(Record excerpts begins)
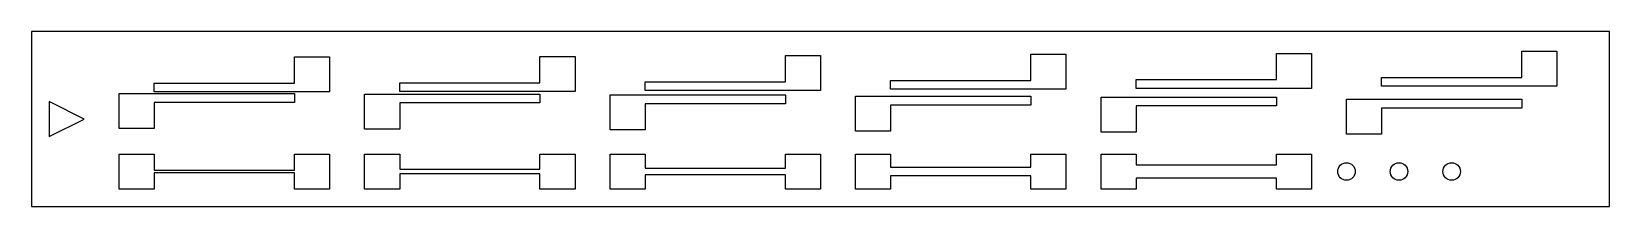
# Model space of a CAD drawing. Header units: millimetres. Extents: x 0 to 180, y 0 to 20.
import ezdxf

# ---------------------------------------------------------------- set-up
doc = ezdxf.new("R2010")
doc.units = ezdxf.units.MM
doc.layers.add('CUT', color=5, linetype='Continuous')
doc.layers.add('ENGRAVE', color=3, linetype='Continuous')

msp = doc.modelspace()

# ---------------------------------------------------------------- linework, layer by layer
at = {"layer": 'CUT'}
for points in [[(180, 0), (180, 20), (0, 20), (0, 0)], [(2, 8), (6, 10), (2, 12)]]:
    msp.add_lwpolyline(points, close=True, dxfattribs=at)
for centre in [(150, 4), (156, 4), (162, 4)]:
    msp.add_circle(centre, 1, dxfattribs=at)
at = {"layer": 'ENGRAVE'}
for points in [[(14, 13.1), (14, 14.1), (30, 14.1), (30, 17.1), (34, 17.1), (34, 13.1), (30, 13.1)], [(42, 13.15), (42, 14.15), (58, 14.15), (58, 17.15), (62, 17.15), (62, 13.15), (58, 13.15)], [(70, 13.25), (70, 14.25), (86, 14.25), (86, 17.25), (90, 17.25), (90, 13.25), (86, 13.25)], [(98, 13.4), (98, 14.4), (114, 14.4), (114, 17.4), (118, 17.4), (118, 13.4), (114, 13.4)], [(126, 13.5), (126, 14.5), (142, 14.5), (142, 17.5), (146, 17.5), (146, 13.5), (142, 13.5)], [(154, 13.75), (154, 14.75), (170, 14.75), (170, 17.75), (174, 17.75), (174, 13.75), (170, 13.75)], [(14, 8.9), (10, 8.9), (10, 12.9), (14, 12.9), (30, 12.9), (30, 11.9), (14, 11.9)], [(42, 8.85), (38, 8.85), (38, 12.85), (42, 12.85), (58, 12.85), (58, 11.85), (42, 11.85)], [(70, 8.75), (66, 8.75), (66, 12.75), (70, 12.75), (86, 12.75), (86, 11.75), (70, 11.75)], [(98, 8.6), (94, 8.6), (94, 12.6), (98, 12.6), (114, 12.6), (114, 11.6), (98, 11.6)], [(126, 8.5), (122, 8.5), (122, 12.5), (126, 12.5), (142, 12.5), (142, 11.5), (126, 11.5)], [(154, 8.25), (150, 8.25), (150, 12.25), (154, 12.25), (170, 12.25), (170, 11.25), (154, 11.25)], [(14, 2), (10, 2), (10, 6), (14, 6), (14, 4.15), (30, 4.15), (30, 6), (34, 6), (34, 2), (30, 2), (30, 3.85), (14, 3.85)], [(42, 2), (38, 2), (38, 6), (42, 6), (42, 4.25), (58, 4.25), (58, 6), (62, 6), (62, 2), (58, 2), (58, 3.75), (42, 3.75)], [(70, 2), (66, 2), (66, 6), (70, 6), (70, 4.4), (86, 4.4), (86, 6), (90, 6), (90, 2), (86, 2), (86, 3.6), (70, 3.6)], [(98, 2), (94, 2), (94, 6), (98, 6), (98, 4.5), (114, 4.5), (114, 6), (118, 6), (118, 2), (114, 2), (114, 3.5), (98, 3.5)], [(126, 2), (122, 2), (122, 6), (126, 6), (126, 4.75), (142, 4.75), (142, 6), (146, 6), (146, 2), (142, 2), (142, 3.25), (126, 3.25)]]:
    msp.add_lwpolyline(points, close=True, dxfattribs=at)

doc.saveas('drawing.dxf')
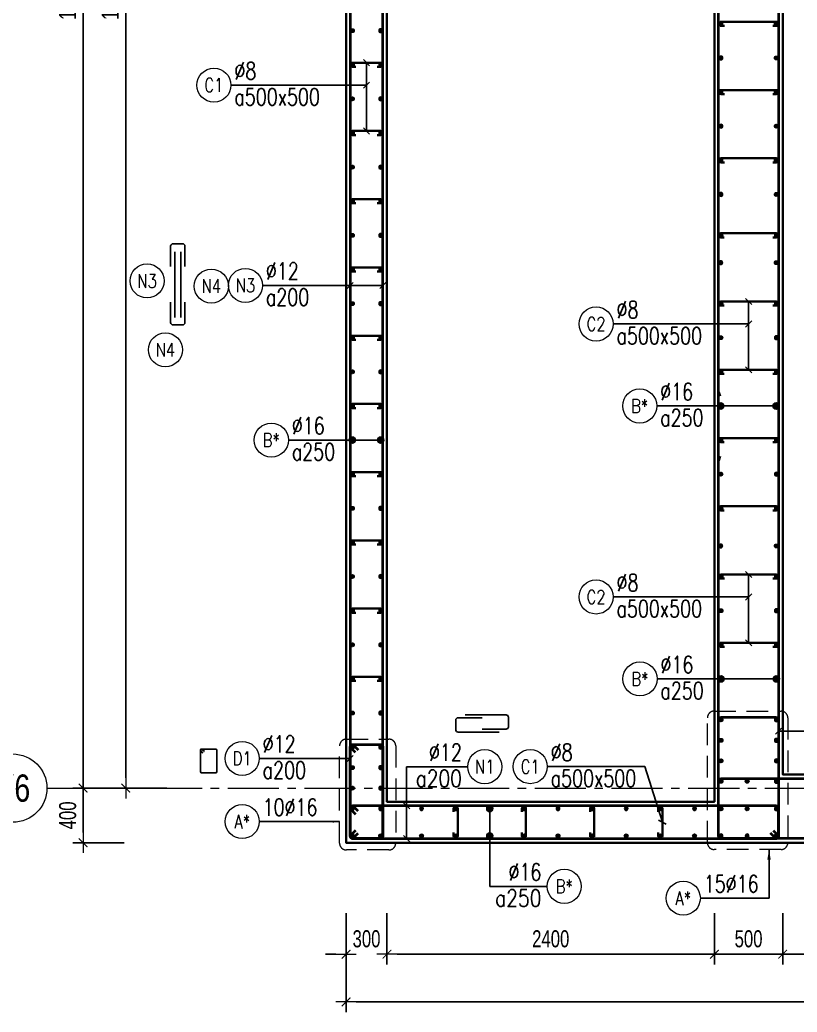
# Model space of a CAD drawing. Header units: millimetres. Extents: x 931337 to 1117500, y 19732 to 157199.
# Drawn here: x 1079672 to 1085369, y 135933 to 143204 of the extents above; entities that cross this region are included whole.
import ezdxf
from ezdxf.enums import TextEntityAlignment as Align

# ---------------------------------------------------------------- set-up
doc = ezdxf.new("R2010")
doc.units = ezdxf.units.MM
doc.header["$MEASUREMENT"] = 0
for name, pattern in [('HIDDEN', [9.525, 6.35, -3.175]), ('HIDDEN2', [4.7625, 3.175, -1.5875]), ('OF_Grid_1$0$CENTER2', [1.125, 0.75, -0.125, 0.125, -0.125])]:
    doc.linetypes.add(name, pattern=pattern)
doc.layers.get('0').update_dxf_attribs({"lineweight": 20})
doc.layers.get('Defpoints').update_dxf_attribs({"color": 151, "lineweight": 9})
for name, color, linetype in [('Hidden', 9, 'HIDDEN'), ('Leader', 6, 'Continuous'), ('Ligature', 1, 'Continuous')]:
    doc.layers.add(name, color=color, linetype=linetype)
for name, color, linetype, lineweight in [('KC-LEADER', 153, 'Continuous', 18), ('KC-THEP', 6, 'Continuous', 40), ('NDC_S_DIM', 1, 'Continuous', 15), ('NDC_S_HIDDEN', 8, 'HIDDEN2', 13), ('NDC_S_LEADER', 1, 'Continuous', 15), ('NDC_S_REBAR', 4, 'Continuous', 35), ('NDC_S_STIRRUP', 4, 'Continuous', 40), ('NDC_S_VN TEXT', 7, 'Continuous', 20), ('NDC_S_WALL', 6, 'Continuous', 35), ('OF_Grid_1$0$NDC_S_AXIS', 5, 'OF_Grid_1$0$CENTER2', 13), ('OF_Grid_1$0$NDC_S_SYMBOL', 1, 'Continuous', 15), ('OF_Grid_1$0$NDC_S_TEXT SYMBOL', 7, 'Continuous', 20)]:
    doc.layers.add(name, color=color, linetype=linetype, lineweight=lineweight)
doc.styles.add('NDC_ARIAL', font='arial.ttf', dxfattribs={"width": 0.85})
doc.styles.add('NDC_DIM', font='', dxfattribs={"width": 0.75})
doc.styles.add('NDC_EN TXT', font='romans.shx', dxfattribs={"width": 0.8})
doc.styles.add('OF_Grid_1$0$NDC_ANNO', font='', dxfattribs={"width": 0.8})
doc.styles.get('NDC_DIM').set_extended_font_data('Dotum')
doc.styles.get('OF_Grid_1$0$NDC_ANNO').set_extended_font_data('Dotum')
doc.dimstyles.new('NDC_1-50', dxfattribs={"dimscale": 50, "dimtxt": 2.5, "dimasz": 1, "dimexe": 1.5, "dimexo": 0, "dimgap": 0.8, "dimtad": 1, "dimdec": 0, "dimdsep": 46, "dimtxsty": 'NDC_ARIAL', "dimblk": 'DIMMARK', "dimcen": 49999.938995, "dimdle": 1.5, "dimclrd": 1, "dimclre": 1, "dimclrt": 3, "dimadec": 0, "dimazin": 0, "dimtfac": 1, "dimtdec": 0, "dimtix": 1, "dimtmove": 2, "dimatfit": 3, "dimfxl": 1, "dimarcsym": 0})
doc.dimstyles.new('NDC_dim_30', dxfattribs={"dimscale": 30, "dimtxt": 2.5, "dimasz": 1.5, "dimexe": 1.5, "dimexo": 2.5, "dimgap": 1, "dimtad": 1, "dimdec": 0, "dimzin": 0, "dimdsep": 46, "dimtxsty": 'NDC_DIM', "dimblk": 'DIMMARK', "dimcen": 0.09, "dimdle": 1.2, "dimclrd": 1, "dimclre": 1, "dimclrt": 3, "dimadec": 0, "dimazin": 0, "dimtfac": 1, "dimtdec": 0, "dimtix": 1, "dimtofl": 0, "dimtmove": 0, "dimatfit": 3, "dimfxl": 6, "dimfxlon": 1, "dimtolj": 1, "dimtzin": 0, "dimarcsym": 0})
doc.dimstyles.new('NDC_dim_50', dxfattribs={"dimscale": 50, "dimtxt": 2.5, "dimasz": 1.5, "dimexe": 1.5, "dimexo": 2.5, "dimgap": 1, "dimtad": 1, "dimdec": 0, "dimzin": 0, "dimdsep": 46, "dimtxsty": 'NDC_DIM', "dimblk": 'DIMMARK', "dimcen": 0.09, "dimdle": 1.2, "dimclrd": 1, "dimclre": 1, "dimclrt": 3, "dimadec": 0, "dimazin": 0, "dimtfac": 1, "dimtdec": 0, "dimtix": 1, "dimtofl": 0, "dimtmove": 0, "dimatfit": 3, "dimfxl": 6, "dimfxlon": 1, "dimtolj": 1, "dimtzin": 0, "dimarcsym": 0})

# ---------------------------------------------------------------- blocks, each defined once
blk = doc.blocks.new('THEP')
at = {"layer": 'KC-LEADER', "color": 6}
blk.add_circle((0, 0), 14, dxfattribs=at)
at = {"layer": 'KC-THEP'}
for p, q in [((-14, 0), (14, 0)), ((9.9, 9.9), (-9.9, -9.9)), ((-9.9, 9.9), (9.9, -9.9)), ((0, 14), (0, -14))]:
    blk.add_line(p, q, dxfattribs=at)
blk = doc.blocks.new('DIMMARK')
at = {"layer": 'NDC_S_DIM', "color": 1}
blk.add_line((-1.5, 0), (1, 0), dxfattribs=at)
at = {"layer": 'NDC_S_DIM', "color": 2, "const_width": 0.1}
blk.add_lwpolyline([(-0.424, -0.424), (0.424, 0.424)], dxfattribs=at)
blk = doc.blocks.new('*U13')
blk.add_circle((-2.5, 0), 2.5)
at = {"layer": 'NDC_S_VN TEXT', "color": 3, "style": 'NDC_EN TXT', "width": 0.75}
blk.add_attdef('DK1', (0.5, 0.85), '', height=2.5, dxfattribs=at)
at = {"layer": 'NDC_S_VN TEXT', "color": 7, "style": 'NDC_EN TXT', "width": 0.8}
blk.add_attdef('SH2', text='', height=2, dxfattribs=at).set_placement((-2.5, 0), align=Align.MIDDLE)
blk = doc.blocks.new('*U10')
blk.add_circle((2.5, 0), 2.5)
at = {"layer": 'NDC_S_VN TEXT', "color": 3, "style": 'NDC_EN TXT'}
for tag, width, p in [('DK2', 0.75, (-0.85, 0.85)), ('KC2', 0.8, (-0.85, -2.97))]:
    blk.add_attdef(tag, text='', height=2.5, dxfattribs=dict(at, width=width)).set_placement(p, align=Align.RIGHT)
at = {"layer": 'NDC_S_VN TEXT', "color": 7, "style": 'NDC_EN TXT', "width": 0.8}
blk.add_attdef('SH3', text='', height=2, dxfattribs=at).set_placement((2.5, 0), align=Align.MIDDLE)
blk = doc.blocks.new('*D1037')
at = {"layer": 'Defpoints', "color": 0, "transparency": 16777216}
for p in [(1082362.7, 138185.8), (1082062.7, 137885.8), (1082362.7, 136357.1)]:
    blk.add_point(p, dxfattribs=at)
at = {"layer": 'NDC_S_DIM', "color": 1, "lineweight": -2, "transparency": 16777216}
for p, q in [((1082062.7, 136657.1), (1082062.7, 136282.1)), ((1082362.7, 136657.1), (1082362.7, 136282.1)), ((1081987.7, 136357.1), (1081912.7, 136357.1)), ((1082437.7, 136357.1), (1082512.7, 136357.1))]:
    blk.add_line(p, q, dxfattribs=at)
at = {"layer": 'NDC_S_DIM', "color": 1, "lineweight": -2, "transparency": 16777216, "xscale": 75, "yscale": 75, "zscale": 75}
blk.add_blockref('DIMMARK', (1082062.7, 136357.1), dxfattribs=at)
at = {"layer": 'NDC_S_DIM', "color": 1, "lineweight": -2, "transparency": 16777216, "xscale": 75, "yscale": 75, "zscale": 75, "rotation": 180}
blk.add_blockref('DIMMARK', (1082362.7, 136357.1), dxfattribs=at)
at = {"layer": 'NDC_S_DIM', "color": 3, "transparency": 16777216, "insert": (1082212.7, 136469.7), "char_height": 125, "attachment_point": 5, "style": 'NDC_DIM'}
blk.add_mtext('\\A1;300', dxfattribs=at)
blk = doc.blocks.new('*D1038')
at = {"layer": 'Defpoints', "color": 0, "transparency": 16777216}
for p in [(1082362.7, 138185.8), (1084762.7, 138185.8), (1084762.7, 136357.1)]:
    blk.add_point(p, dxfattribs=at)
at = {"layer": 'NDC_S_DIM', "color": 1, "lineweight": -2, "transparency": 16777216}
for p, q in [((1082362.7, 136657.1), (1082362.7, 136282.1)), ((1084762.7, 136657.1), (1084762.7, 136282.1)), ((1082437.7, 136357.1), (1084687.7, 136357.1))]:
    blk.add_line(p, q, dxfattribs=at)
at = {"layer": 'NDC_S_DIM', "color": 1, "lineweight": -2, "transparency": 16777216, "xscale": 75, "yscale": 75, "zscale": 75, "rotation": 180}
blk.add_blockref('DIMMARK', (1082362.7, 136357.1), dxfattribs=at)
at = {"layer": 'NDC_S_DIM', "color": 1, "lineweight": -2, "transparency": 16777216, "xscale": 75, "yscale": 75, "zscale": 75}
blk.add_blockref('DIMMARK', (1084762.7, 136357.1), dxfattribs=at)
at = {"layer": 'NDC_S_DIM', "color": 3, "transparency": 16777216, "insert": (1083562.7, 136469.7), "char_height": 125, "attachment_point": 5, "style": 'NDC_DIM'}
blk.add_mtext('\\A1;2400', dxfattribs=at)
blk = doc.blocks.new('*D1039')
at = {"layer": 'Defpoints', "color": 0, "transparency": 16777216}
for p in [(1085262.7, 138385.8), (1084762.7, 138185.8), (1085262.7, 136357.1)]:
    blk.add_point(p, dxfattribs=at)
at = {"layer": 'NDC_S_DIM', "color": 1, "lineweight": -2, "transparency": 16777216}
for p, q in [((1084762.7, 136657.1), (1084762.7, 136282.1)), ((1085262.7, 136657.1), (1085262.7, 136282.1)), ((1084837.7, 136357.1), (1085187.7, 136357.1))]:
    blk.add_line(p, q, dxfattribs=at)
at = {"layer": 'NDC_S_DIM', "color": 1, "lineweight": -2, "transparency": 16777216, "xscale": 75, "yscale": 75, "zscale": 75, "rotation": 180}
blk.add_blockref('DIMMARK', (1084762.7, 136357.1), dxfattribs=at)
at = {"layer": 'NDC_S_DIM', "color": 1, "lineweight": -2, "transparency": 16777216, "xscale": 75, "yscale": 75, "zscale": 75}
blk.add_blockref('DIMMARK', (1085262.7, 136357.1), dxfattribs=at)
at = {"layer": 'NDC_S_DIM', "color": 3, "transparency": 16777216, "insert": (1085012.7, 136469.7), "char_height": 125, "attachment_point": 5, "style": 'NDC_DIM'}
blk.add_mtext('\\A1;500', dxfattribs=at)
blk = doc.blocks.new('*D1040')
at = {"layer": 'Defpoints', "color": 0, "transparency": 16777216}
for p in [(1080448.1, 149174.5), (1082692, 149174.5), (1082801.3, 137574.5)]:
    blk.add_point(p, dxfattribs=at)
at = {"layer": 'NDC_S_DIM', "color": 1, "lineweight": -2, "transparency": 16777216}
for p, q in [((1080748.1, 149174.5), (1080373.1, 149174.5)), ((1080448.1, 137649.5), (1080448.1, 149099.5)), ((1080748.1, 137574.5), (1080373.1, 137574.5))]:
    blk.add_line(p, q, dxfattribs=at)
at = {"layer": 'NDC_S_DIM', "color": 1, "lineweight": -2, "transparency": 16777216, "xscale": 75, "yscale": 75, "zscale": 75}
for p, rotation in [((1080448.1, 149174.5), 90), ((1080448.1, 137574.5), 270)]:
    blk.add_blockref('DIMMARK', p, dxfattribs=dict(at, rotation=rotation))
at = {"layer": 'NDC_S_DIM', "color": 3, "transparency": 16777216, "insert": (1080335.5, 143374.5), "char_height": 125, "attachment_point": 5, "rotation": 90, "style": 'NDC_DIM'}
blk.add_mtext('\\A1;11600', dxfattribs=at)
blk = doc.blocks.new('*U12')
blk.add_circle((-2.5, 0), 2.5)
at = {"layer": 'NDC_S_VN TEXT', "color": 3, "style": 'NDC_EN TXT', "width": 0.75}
(Record excerpts ends)
→ About this task: Copy only this part of the entries above: the line with "blk = doc.blocks.new('THEP')", the line with "blk.add_circle((2.5, 0), 2.5)", and the lines between, all exactly as written.

→ Final answer:
blk = doc.blocks.new('THEP')
at = {"layer": 'KC-LEADER', "color": 6}
blk.add_circle((0, 0), 14, dxfattribs=at)
at = {"layer": 'KC-THEP'}
for p, q in [((-14, 0), (14, 0)), ((9.9, 9.9), (-9.9, -9.9)), ((-9.9, 9.9), (9.9, -9.9)), ((0, 14), (0, -14))]:
    blk.add_line(p, q, dxfattribs=at)
blk = doc.blocks.new('DIMMARK')
at = {"layer": 'NDC_S_DIM', "color": 1}
blk.add_line((-1.5, 0), (1, 0), dxfattribs=at)
at = {"layer": 'NDC_S_DIM', "color": 2, "const_width": 0.1}
blk.add_lwpolyline([(-0.424, -0.424), (0.424, 0.424)], dxfattribs=at)
blk = doc.blocks.new('*U13')
blk.add_circle((-2.5, 0), 2.5)
at = {"layer": 'NDC_S_VN TEXT', "color": 3, "style": 'NDC_EN TXT', "width": 0.75}
blk.add_attdef('DK1', (0.5, 0.85), '', height=2.5, dxfattribs=at)
at = {"layer": 'NDC_S_VN TEXT', "color": 7, "style": 'NDC_EN TXT', "width": 0.8}
blk.add_attdef('SH2', text='', height=2, dxfattribs=at).set_placement((-2.5, 0), align=Align.MIDDLE)
blk = doc.blocks.new('*U10')
blk.add_circle((2.5, 0), 2.5)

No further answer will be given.